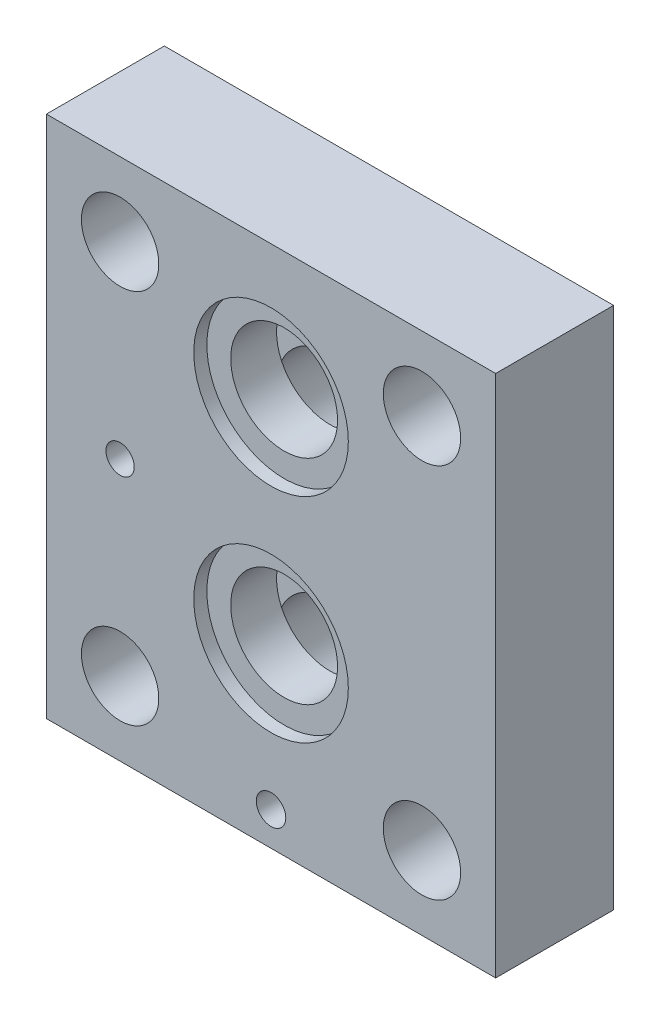
SolidWorks part; units mm, degrees
ref_plane "Front Plane" through (0, 0, 0) normal (1, 0, 0) x (0, 1, 0)
ref_plane "Top Plane" through (0, 0, 0) normal (0, 0, 1) x (0, 1, 0)
ref_plane "Right Plane" through (0, 0, 0) normal (0, 1, 0) x (-1, 0, 0)
sketch "Sketch1" plane through (0, 0, 0) normal (0, 0, 1) x (0, 1, 0)
  line L1 (-56.388, -48.387) -> (56.388, -48.387)
  line L2 (-56.388, -48.387) -> (-56.388, 48.387)
  line L3 (-56.388, 48.387) -> (56.388, 48.387)
  line L4 (56.388, -48.387) -> (56.388, 48.387)
  line L5 (-56.388, -48.387) -> (56.388, 48.387) construction
  line L6 (-56.388, 48.387) -> (56.388, -48.387) construction
  point P0 (0, 0)
extrude "Boss-Extrude1" add sketch "Sketch1" along normal mid plane 25.4
sketch "Sketch2" plane through (0, 0, 0) normal (0, 0, 1) x (0, 1, 0)
  circle A0 centre (-40.513, -32.512) radius 8.3344
extrude "Cut-Extrude2" cut sketch "Sketch2" along normal up to next from offset 12.7
sketch "Sketch3" plane through (0, 0, 0) normal (0, 0, 1) x (0, 1, 0)
  circle A0 centre (40.513, -32.512) radius 8.3344
  circle A1 centre (-40.513, 32.512) radius 8.3344
  circle A2 centre (40.513, 32.512) radius 8.3344
extrude "Cut-Extrude4" cut sketch "Sketch3" along normal up to next from offset 12.7
sketch "Sketch4" plane through (0, 0, 0) normal (0, 0, 1) x (0, 1, 0)
  circle A0 centre (-27.813, 0) radius 11.5094
extrude "Cut-Extrude6" cut sketch "Sketch4" along normal blind 12.7 from offset 12.7
sketch "Sketch5" plane through (0, 0, 0) normal (0, 0, 1) x (0, 1, 0)
  circle A0 centre (18.161, 0) radius 11.5094
extrude "Cut-Extrude8" cut sketch "Sketch5" along normal blind 12.7 from offset 12.7
sketch "Sketch6" plane through (0, 0, 0) normal (0, 0, 1) x (0, 1, 0)
  circle A0 centre (-18.161, 0) radius 11.5094
extrude "Cut-Extrude10" cut sketch "Sketch6" against normal blind 12.7 from offset 12.7
sketch "Sketch7" plane through (0, 0, 0) normal (0, 0, 1) x (0, 1, 0)
  circle A0 centre (27.813, 0) radius 11.5094
extrude "Cut-Extrude12" cut sketch "Sketch7" against normal blind 12.7 from offset 12.7
sketch "Sketch8" plane through (0, 0, 0) normal (0, 0, 1) x (0, 1, 0)
  circle A0 centre (-18.161, 0) radius 16.6497
extrude "Cut-Extrude14" cut sketch "Sketch8" against normal blind 2.8194 from offset 12.7
sketch "Sketch9" plane through (0, 0, 0) normal (0, 0, 1) x (0, 1, 0)
  circle A0 centre (27.813, 0) radius 16.6497
extrude "Cut-Extrude16" cut sketch "Sketch9" against normal blind 2.8194 from offset 12.7
sketch "Sketch10" plane through (0, 0, 0) normal (0, 0, 1) x (0, 1, 0)
  circle A0 centre (49.149, 0) radius 3.5719
extrude "Cut-Extrude18" cut sketch "Sketch10" along normal blind 7.874 from offset 12.7
sketch "Sketch11" plane through (0, 0, 0) normal (0, 0, 1) x (0, 1, 0)
  circle A0 centre (0, -32.512) radius 3.6989
extrude "Cut-Extrude20" cut sketch "Sketch11" along normal blind 7.874 from offset 12.7
sketch "Sketch12" plane through (0, 0, 0) normal (0, 0, 1) x (0, 1, 0)
  circle A0 centre (-49.149, 0) radius 3.175
extrude "Cut-Extrude22" cut sketch "Sketch12" against normal blind 7.874 from offset 12.7
sketch "Sketch13" plane through (0, 0, 0) normal (0, 0, 1) x (0, 1, 0)
  circle A0 centre (0, 32.512) radius 3.048
extrude "Cut-Extrude24" cut sketch "Sketch13" against normal blind 7.874 from offset 12.7
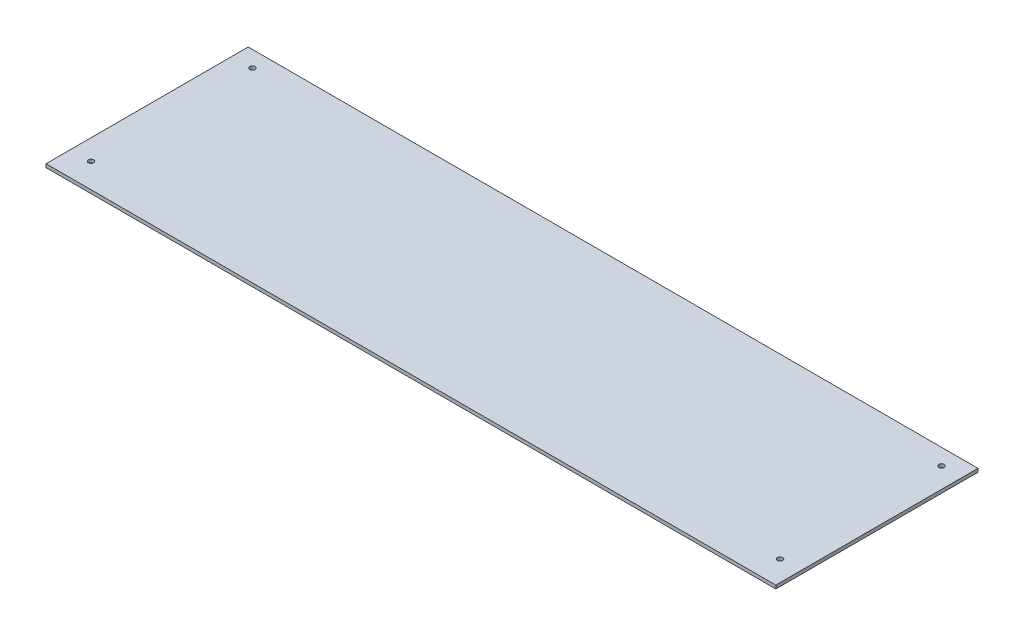
SolidWorks part; units mm, degrees
ref_plane "Alzado" through (0, 0, 0) normal (0, 0, 1) x (1, 0, 0)
ref_plane "Planta" through (0, 0, 0) normal (0, 1, 0) x (1, 0, 0)
ref_plane "Vista lateral" through (0, 0, 0) normal (1, 0, 0) x (0, 0, -1)
sketch "Croquis1" plane through (0, 0, 0) normal (0, 1, 0) x (1, 0, 0)
  line L0 (215.25, 120) -> (215.25, 0) construction
  line L1 (0, 0) -> (430.5, 0)
  line L2 (0, 0) -> (0, 120)
  line L3 (0, 120) -> (430.5, 120)
  line L4 (430.5, 0) -> (430.5, 120)
  line L5 (0, 60) -> (430.5, 60) construction
  circle A0 centre (12.5, 15) radius 1.55
  circle A1 centre (12.5, 110) radius 1.55
  circle A2 centre (418, 15) radius 1.55
  circle A3 centre (418, 110) radius 1.55
  dimension "D3" = 3.1
  dimension "D1" = 120
  dimension "D2" = 430.5
  dimension "D4" = 15
  dimension "D5" = 12.5
  dimension "D6" = 12.5
  dimension "D7" = 10
extrude "Saliente-Extruir1" add sketch "Croquis1" along normal blind 2
sketch "Croquis2" plane through (0, 0, 0) normal (0, -1, 0) x (1, 0, 0)
  line L0 (430, -0.5) -> (0.5, -0.5)
  line L1 (0.5, -0.5) -> (0.5, -119.5)
  line L2 (0.5, -119.5) -> (430, -119.5)
  line L3 (430, -119.5) -> (430, -0.5)
  line L4 (0, 0) -> (0, -120)
  line L5 (0, -120) -> (430.5, -120)
  line L6 (430.5, -120) -> (430.5, 0)
  line L7 (430.5, 0) -> (0, 0)
  line L8 (0, 0) -> (0, -120)
  line L9 (0, -120) -> (430.5, -120)
  line L10 (430.5, -120) -> (430.5, 0)
  line L11 (430.5, 0) -> (0, 0)
  dimension "D1" = 0
  dimension "D2" = 0.5
extrude "Cortar-Extruir1" cut sketch "Croquis2" against normal up to surface (2 mm away) up to face at (215.25, 2, -60)
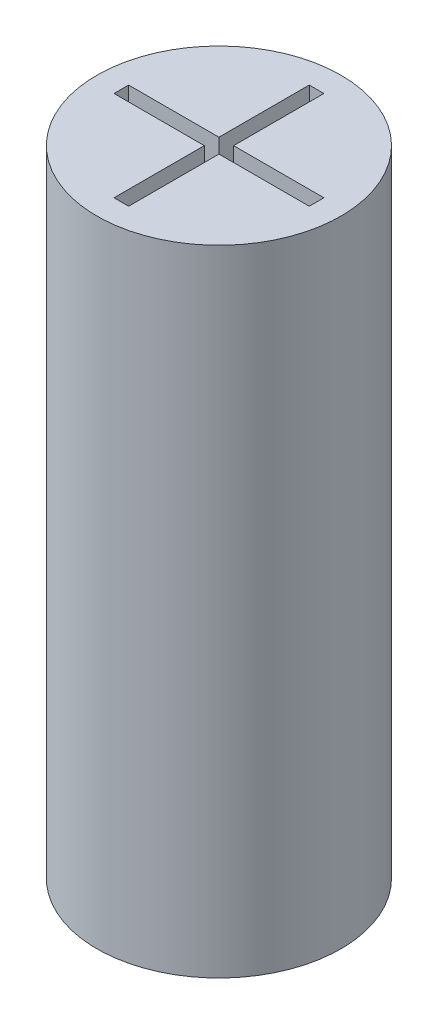
SolidWorks part; units mm, degrees
ref_plane "Front Plane" through (0, 0, 0) normal (0, 0, 1) x (1, 0, 0)
ref_plane "Top Plane" through (0, 0, 0) normal (0, 1, 0) x (1, 0, 0)
ref_plane "Right Plane" through (0, 0, 0) normal (1, 0, 0) x (0, 0, -1)
sketch "Sketch2" plane through (0, 0, 0) normal (0, 1, 0) x (1, 0, 0)
  circle A0 centre (0, 0) radius 2.5
extrude "Boss-Extrude1" add sketch "Sketch2" along normal blind 13
sketch "Sketch3" plane through (0, 13, 0) normal (0, 1, 0) x (1, 0, 0)
  line L1 (0.15, 2) -> (-0.15, 2)
  line L2 (0.15, 2) -> (0.15, -2)
  line L3 (0.15, -2) -> (-0.15, -2)
  line L4 (-0.15, 2) -> (-0.15, -2)
  line L5 (0.15, 2) -> (-0.15, -2) construction
  line L6 (0.15, -2) -> (-0.15, 2) construction
  line L7 (-2, 0.15) -> (2, 0.15)
  line L8 (-2, 0.15) -> (-2, -0.15)
  line L9 (-2, -0.15) -> (2, -0.15)
  line L10 (2, 0.15) -> (2, -0.15)
  line L11 (-2, 0.15) -> (2, -0.15) construction
  line L12 (-2, -0.15) -> (2, 0.15) construction
  point P0 (0, 0)
  point P6 (0, 0)
  dimension "D1" = 0.3
  dimension "D2" = 4
  dimension "D3" = 4
  dimension "D4" = 0.3
extrude "Cut-Extrude1" cut sketch "Sketch3" against normal blind 1 contours L10 L7 L2 L9 | L4 L9 L2 L7 | L8 L9 L4 L7 | L4 L7 L2 L1 | L9 L4 L3 L2
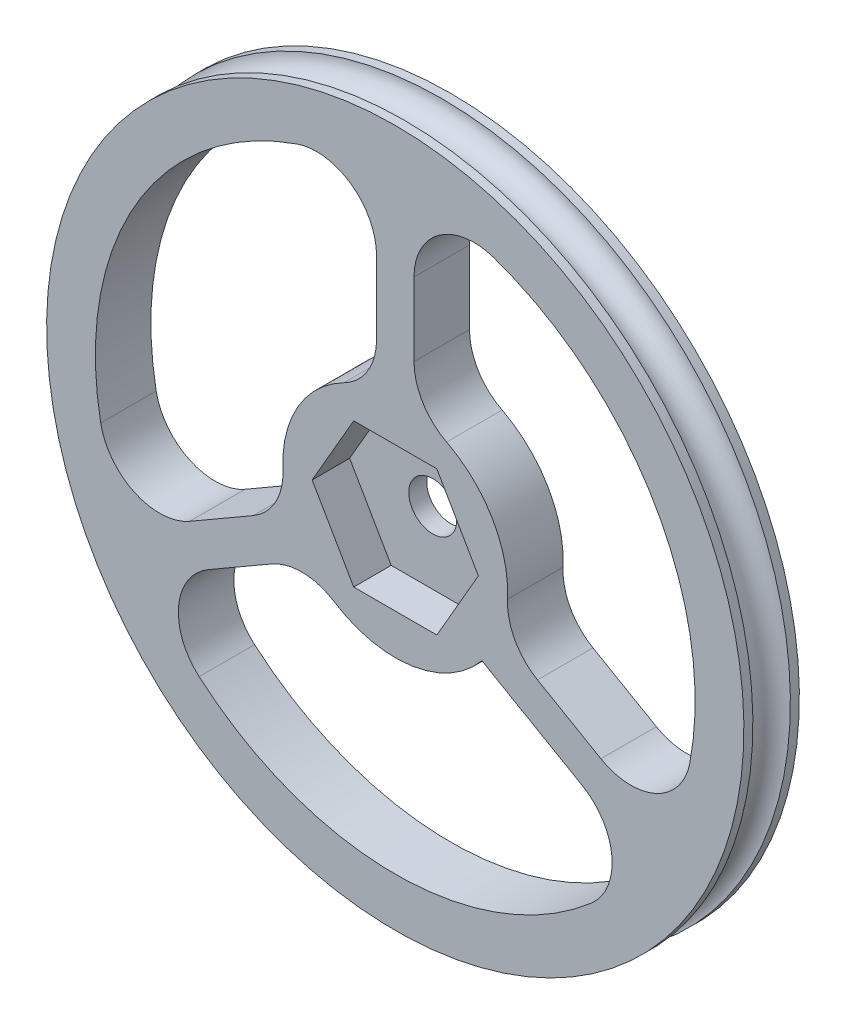
SolidWorks part; units mm, degrees
ref_plane "Front Plane" through (0, 0, 0) normal (0, 0, 1) x (1, 0, 0)
ref_plane "Top Plane" through (0, 0, 0) normal (0, 1, 0) x (1, 0, 0)
ref_plane "Right Plane" through (0, 0, 0) normal (1, 0, 0) x (0, 0, -1)
sketch "Sketch1" plane through (0, 0, 0) normal (0, 0, 1) x (1, 0, 0)
  line L0 (0, 0) -> (0, 12.7) construction
  line L1 (0, 0) -> (0, 25.4) construction
  line L2 (-1.5875, 25.3503) -> (-1.5875, 9.3918)
  line L3 (-1.5875, 9.3918) -> (1.5875, 9.3918) construction
  line L4 (1.5875, 9.3918) -> (1.5875, 25.3503)
  line L5 (22.7478, -11.3004) -> (8.9273, -3.3211)
  line L6 (7.3398, -6.0707) -> (21.1603, -14.05)
  line L7 (-21.1603, -14.05) -> (-7.3398, -6.0707)
  line L8 (-8.9273, -3.3211) -> (-22.7478, -11.3004)
  circle A0 centre (0, 0) radius 25.4
  circle A1 centre (0, 0) radius 9.525
  point P32 (0, 0)
  dimension "D1" = 50.8
  dimension "D4" = 3.175
  dimension "D3" = 19.05
  dimension "D2" = 12.7
  dimension "D5" = 3
sketch "Sketch2" plane through (0, 0, 0) normal (0, 0, 1) x (1, 0, 0)
  line L1 (7.0391, 0) -> (3.5195, 6.096)
  line L2 (3.5195, 6.096) -> (-3.5195, 6.096)
  line L3 (-3.5195, 6.096) -> (-7.0391, 0)
  line L4 (-7.0391, 0) -> (-3.5195, -6.096)
  line L5 (-3.5195, -6.096) -> (3.5195, -6.096)
  line L6 (3.5195, -6.096) -> (7.0391, 0)
  circle A0 centre (0, 0) radius 6.096 construction
  dimension "D1" = 12.192
sketch "Sketch3" plane through (0, 0, 0) normal (1, 0, 0) x (0, 0, -1)
  line L0 (0.762, 29.5275) -> (0.762, 27.94) construction
  line L1 (0.762, 27.94) -> (3.937, 27.94) construction
  line L2 (3.937, 27.94) -> (3.937, 29.5275) construction
  line L4 (0, 25.4) -> (0, 29.5275)
  line L5 (0, 29.5275) -> (0.762, 29.5275)
  line L6 (3.937, 29.5275) -> (4.699, 29.5275)
  line L7 (4.699, 29.5275) -> (4.699, 25.4)
  line L10 (0, 25.4) -> (4.699, 25.4)
  arc A0 (0.762, 29.5275) -> (3.937, 29.5275) centre (2.3495, 29.5275) ccw
  dimension "D1" = 1.5875
  dimension "D2" = 3.175
  dimension "D3" = 0.762
  dimension "D4" = 2.54
extrude "Boss-Extrude1" add sketch "Sketch1" against normal blind 4.699 contours A1 L4 A0 L2 | A1 | A1 L6 A0 L5 | A1 L8 A0 L7
sketch "Sketch4" plane through (0, 0, 0) normal (0, 0, 1) x (1, 0, 0)
  circle A0 centre (0, 0) radius 25.4
sweep "Sweep1" add profiles "Sketch3" path "Sketch4"
extrude "Cut-Extrude1" cut sketch "Sketch2" against normal blind 3.175
sketch "Sketch5" plane through (0, 0, 0) normal (0, 0, 1) x (1, 0, 0)
  circle A0 centre (0, 0) radius 2.032
  dimension "D1" = 4.064
extrude "Cut-Extrude2" cut sketch "Sketch5" against normal through all
fillet "Fillet1" radius 5.08 11 edges at (-22.7478, -11.3004, -2.3495) (-21.1603, -14.05, -2.3495) (-7.3398, -6.0707, -2.3495) (-1.5875, 25.3503, -2.3495) (21.1603, -14.05, -2.3495) (-1.5875, 9.3918, -2.3495) (-8.9273, -3.3211, -2.3495) (22.7478, -11.3004, -2.3495) (1.5875, 25.3503, -2.3495) (8.9273, -3.3211, -2.3495) (1.5875, 9.3918, -2.3495)
---+---
Problem to work on
Reproduce only the lines of the records from the start up to and including the line that holds "line L1 (-56.388, -48.387)"; do not carry over any picture.

Solution to this exercise
SolidWorks part; units mm, degrees
ref_plane "Front Plane" through (0, 0, 0) normal (1, 0, 0) x (0, 1, 0)
ref_plane "Top Plane" through (0, 0, 0) normal (0, 0, 1) x (0, 1, 0)
ref_plane "Right Plane" through (0, 0, 0) normal (0, 1, 0) x (-1, 0, 0)
sketch "Sketch1" plane through (0, 0, 0) normal (0, 0, 1) x (0, 1, 0)
  line L1 (-56.388, -48.387) -> (56.388, -48.387)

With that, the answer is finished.